Nederlandse verzen (3-8)

Een heilig priesterdom

1Pt 2:3. Het is belangrijk dat je geestelijk groeit. Daarvoor ben je niet in de eerste plaats aangewezen op een goed verstand, maar op je geestelijke smaak. De dingen waarover Petrus spreekt, zijn niet tot het verstand gericht, maar tot het hart dat “geproefd heeft dat de Heer goedertieren is”. Het gaat om het woord van de Geliefde, en liefde is in de eerste plaats met het hart verbonden, met de gevoelens die daarin zijn voor de Geliefde. Als je geproefd hebt dat de Heer goedertieren is, kan het niet anders of je verlangt ernaar Hem beter te leren kennen. En hoe leer je Hem beter kennen? Door Zijn Woord. Naarmate je meer in Zijn Woord leest, zul je groeien in je kennis van Hem.

Als je eenmaal het Woord geproefd hebt en je hebt de smaak ervan te pakken, wordt je honger naar meer steeds groter. Je hoort wel eens een opmerking dat hij of zij ‘smaak’ heeft en dan wordt daarmee gedoeld op de kleding die iemand draagt of hoe iemand zijn huis heeft ingericht. Iemands smaak blijkt uit die dingen. Jouw smaak voor Gods Woord blijkt uit de waarde die Gods Woord voor jou heeft. Lees je erin en leef je erin? Dan zul je ook groeien.

1Pt 2:4. De groei heeft ook een doel. Het is Gods bedoeling dat je je als een priester gedraagt, dat je in Zijn huis Hem als priester dient. Daarover gaat het in de volgende verzen. Met het oog op de priesterdienst is het van belang dat je niet verkeerd groeit. In het boek Leviticus, het boek waar het bij uitstek over de priesterdienst gaat, is sprake van leden van de priesterlijke familie die door vergroeiing die dienst niet mogen uitoefenen (Lv 21:16-23).
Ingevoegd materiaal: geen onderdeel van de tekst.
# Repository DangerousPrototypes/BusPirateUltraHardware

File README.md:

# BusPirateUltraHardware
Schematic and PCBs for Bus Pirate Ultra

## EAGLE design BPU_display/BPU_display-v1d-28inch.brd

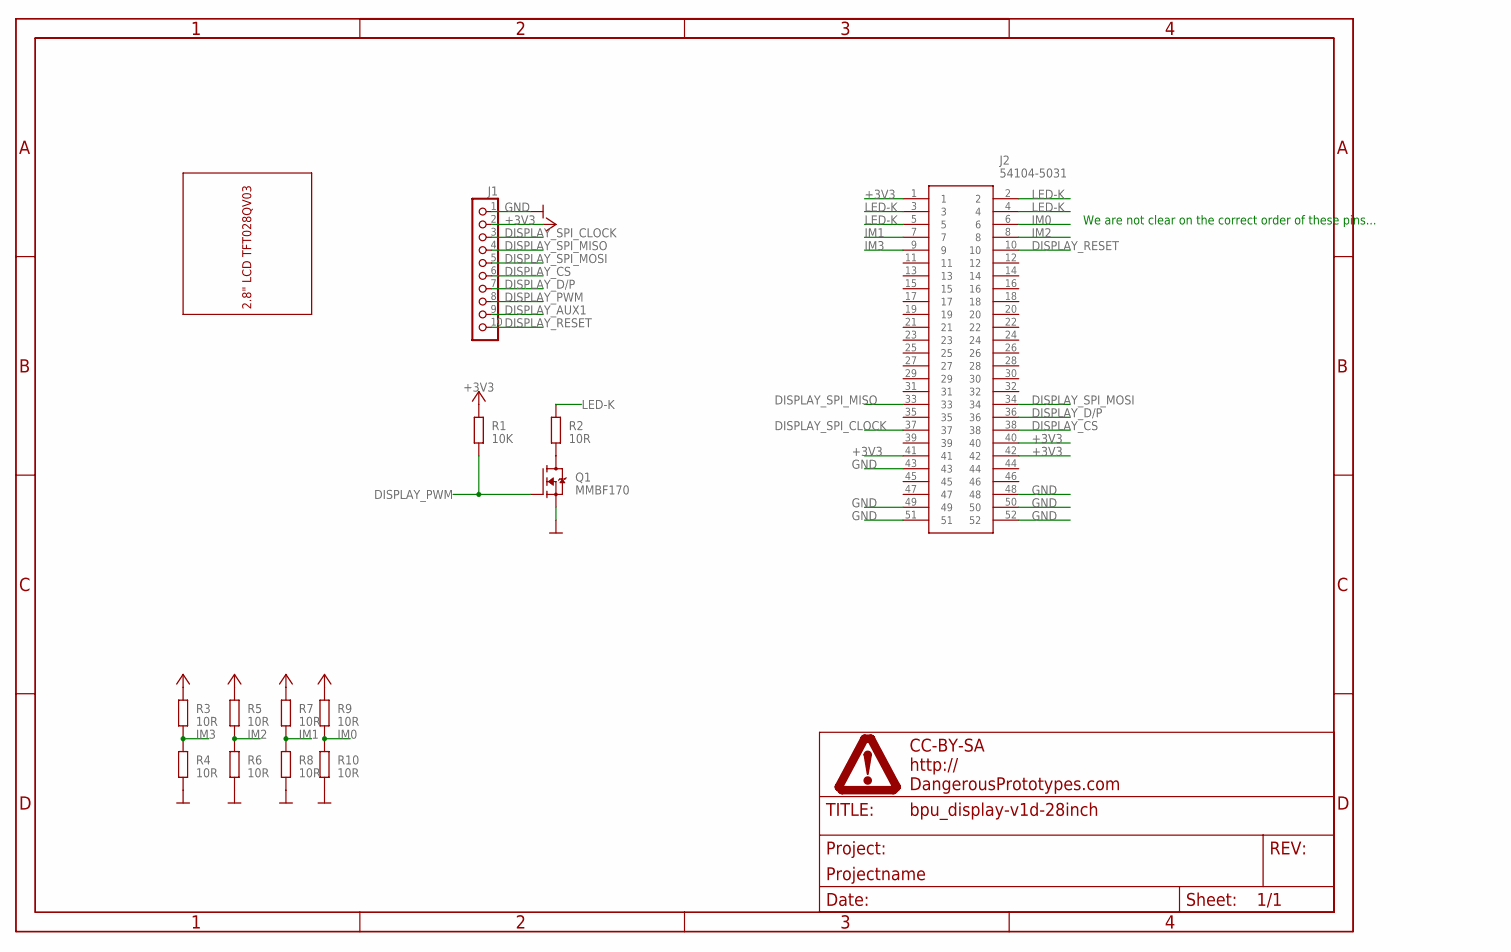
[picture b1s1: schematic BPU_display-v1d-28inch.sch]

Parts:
J1: CON-FPC_X05B20L10T; X05B20L10T
J2: 54104-5031; 541045031
PAGE1: FRAME_DINA4_L; DP_LOGO
Q1: MMBF170; SOT-23
R1: 10K; R0603
R2, R3, R4, R5, R6, R7, R8, R9, R10: 10R; R0603
U$1: LCDS; 2.8INCHLCD

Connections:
+3V3: J1.2, J2.1, J2.40, J2.41, J2.42, R1.2, R3.2, R5.2, R7.2, R9.2
DISPLAY_AUX1: J1.9
DISPLAY_CS: J1.6, J2.38
DISPLAY_D/P: J1.7, J2.36
DISPLAY_PWM: J1.8, Q1.1 (G), R1.1
DISPLAY_RESET: J1.10, J2.10
DISPLAY_SPI_CLOCK: J1.3, J2.37
DISPLAY_SPI_MISO: J1.4, J2.33
DISPLAY_SPI_MOSI: J1.5, J2.34
GND: J1.1, J2.43, J2.48, J2.49, J2.50, J2.51, J2.52, Q1.2 (S), R4.1, R6.1, R8.1, R10.1
IM0: J2.6, R9.1, R10.2
IM1: J2.7, R7.1, R8.2
IM2: J2.8, R5.1, R6.2
IM3: J2.9, R3.1, R4.2
LED-K: J2.2, J2.3, J2.4, J2.5, R2.2
unnamed: Q1.3 (D), R2.1

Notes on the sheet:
We are not clear on the correct order of these pins...

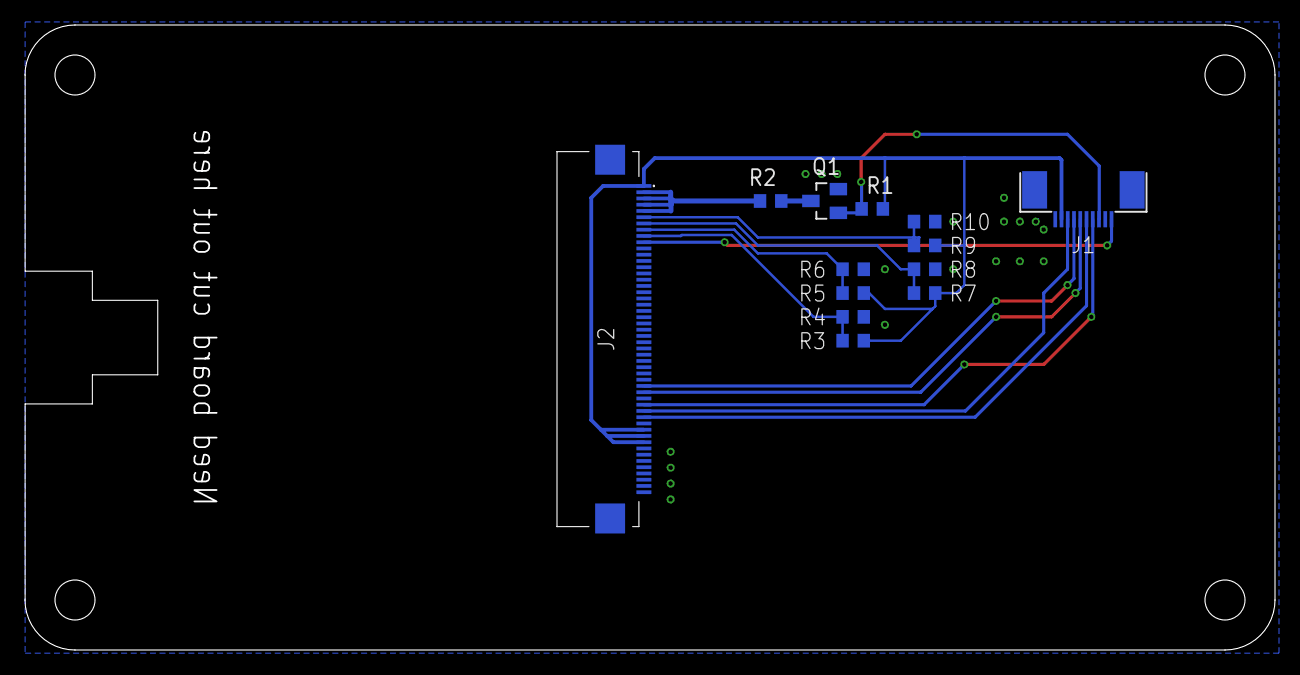
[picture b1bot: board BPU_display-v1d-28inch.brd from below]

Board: 2 copper layers, 100.0 x 50.0 mm, 15 parts (13 on the bottom side), 15 nets.

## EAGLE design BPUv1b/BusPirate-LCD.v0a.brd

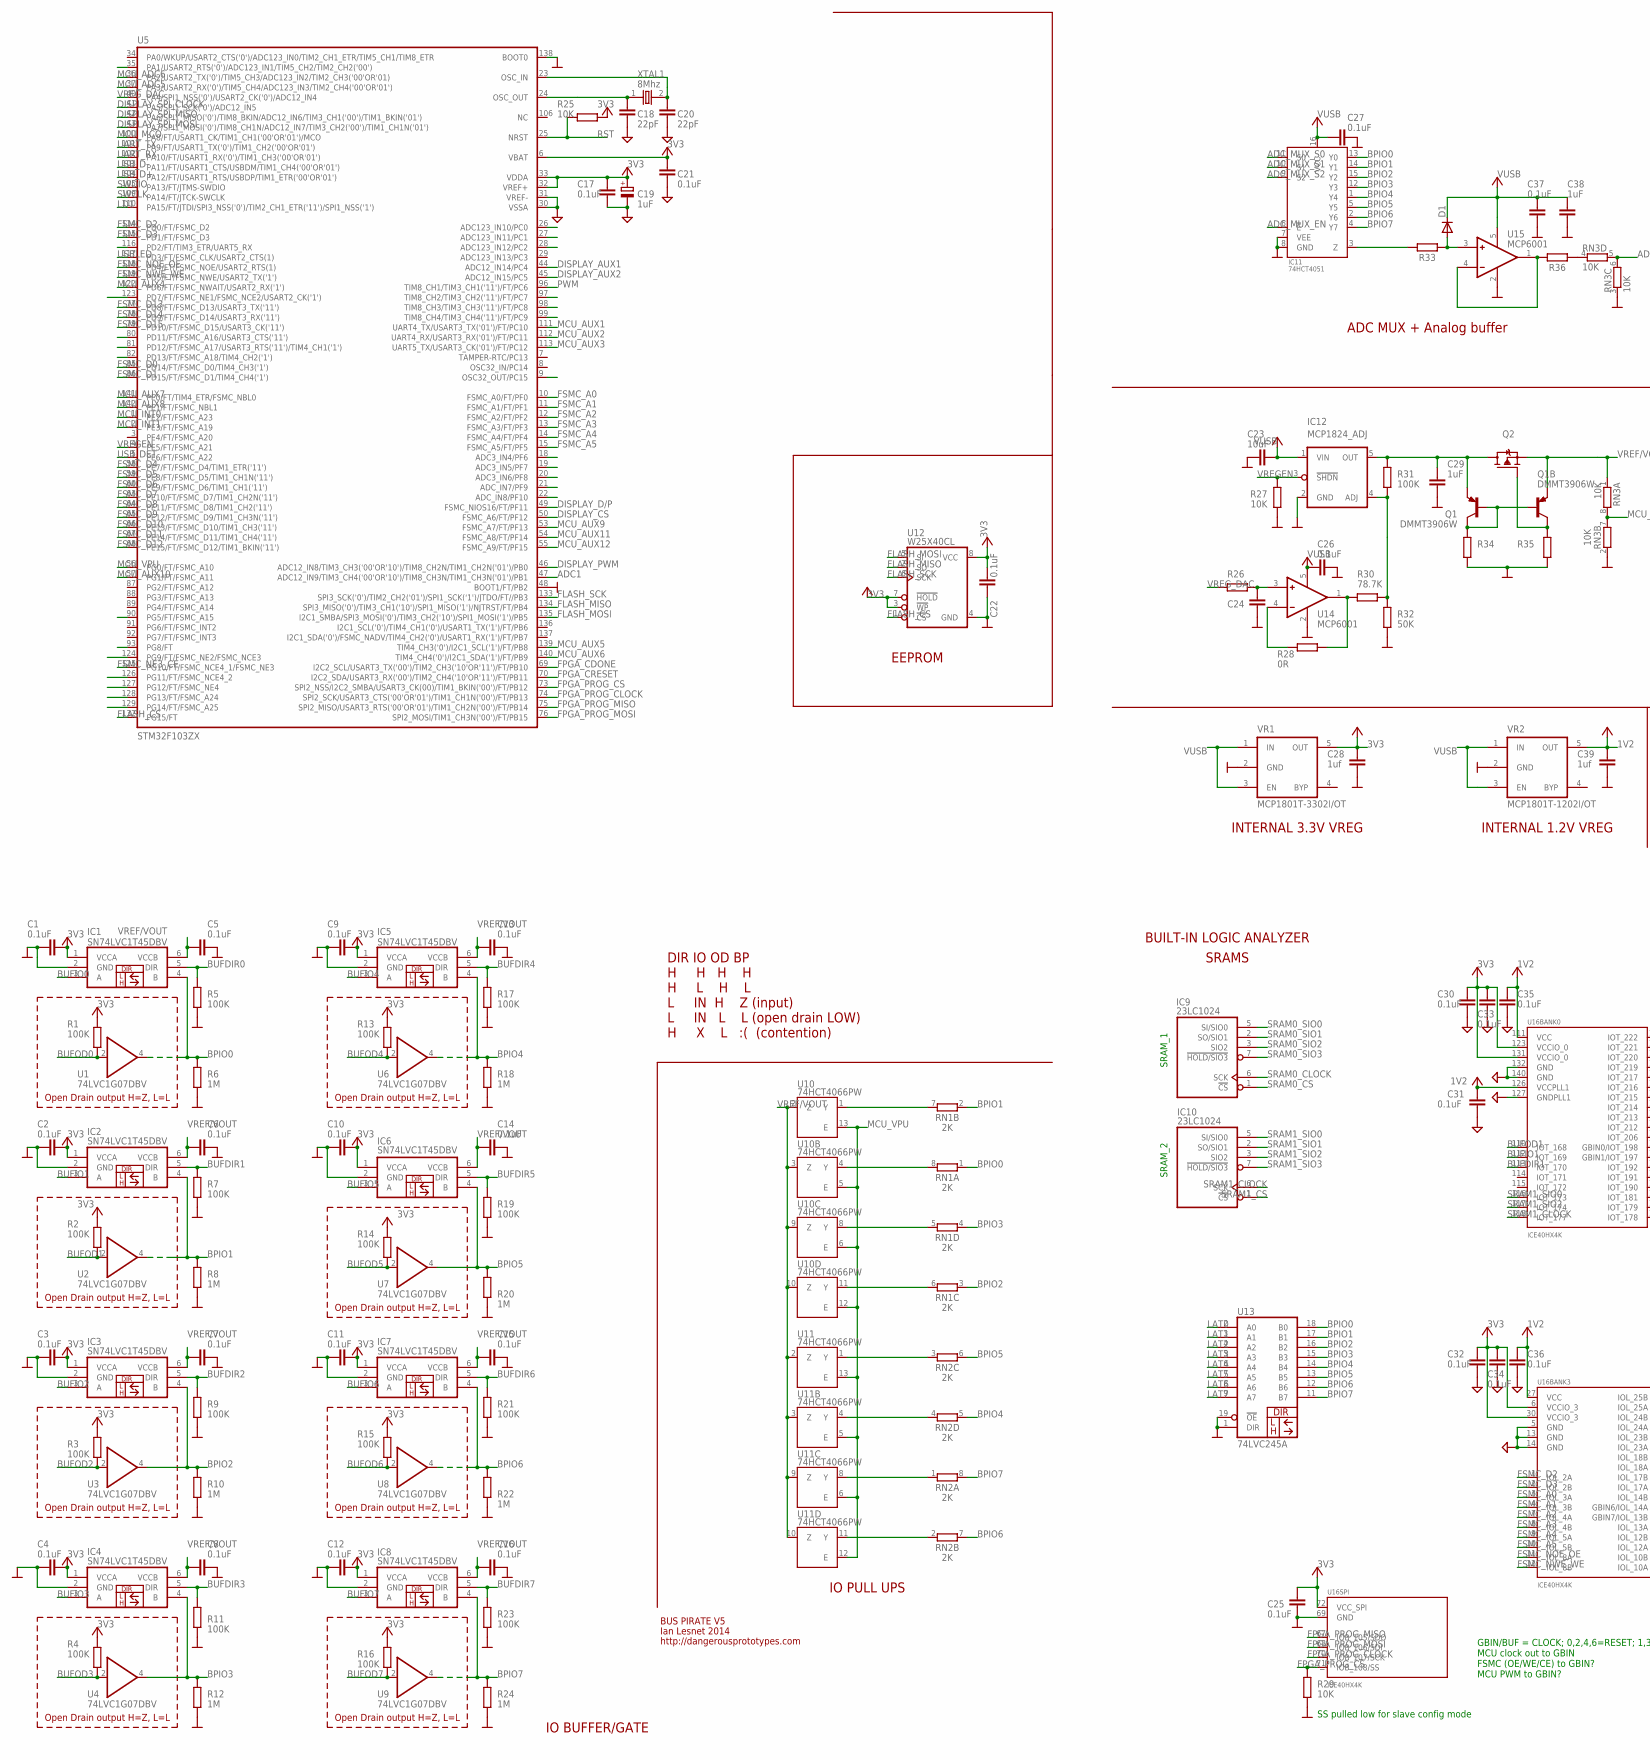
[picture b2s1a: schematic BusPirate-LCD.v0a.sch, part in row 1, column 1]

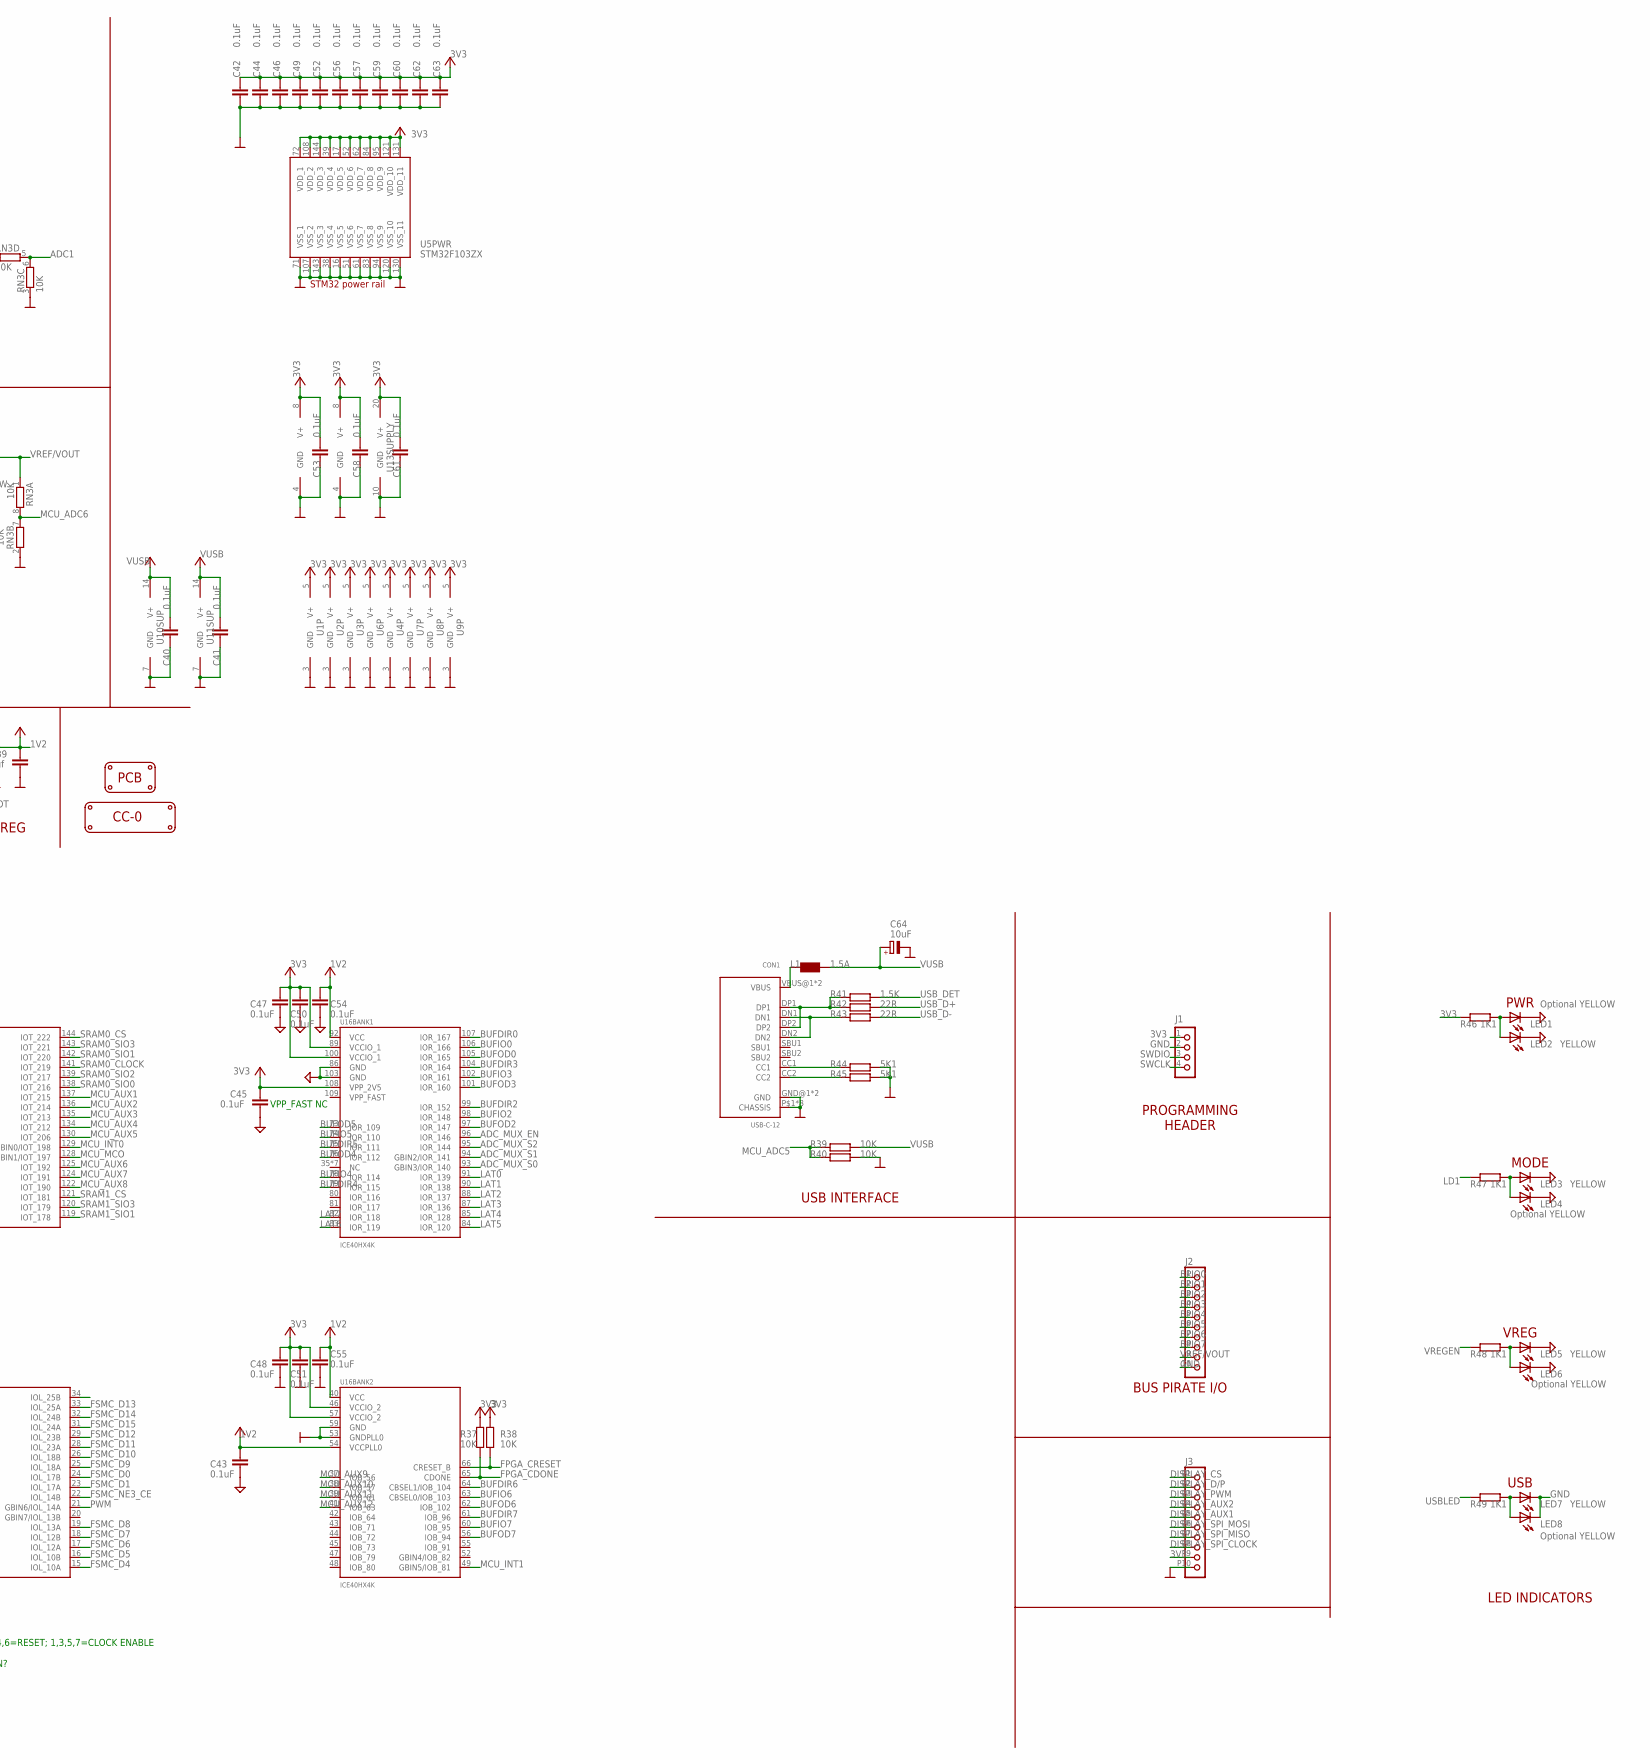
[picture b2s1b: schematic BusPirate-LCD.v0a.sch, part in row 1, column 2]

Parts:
C1, C2, C3, C4, C5, C6, C7, C8, C9, C10, C11, C12, C13, C14, C15, C16: 0.1uF; C0402
C17, C21, C22, C25, C26, C27, C30, C31, C33, C34, C35, C37, C40, C41, C42, C43, C44, C45, C46, C47, C48, C49, C50, C51, C52, C53, C54, C55, C56, C57, C58, C60, C61, C62, C63: 0.1uF; C0603
C18, C20: 22pF; C0603
C19: 1uF; SMC_A
C23: 10uF; C603
C24: C-EUC0603; C0603
C28, C39: 1uf; C0603
C29: 1uF; C603
C32, C36, C59: 0.1uF; C402
C38: 1uF; C0603
C64: 10uF; SMC_A
CON1: USB-C-12; C-31-M-12
D1: DIODE-SOD-123; SOD-123
IC1, IC2, IC3, IC4, IC5, IC6, IC7, IC8: SN74LVC1T45DBV; SC-70-6_EXTENDED_PADS
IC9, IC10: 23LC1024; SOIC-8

Geestelijk toegepast betekent het dat iemand geen priesterdienst kan uitoefenen als hij door verkeerd onderwijs geen goed zicht heeft op zijn positie als gelovige. Je kunt denken aan iemand die altijd heeft gehoord dat je nooit zeker kunt weten of je behouden bent, of dat een gelovige die wel zeker weet behouden te zijn, meent dat hij toch nog verloren kan gaan.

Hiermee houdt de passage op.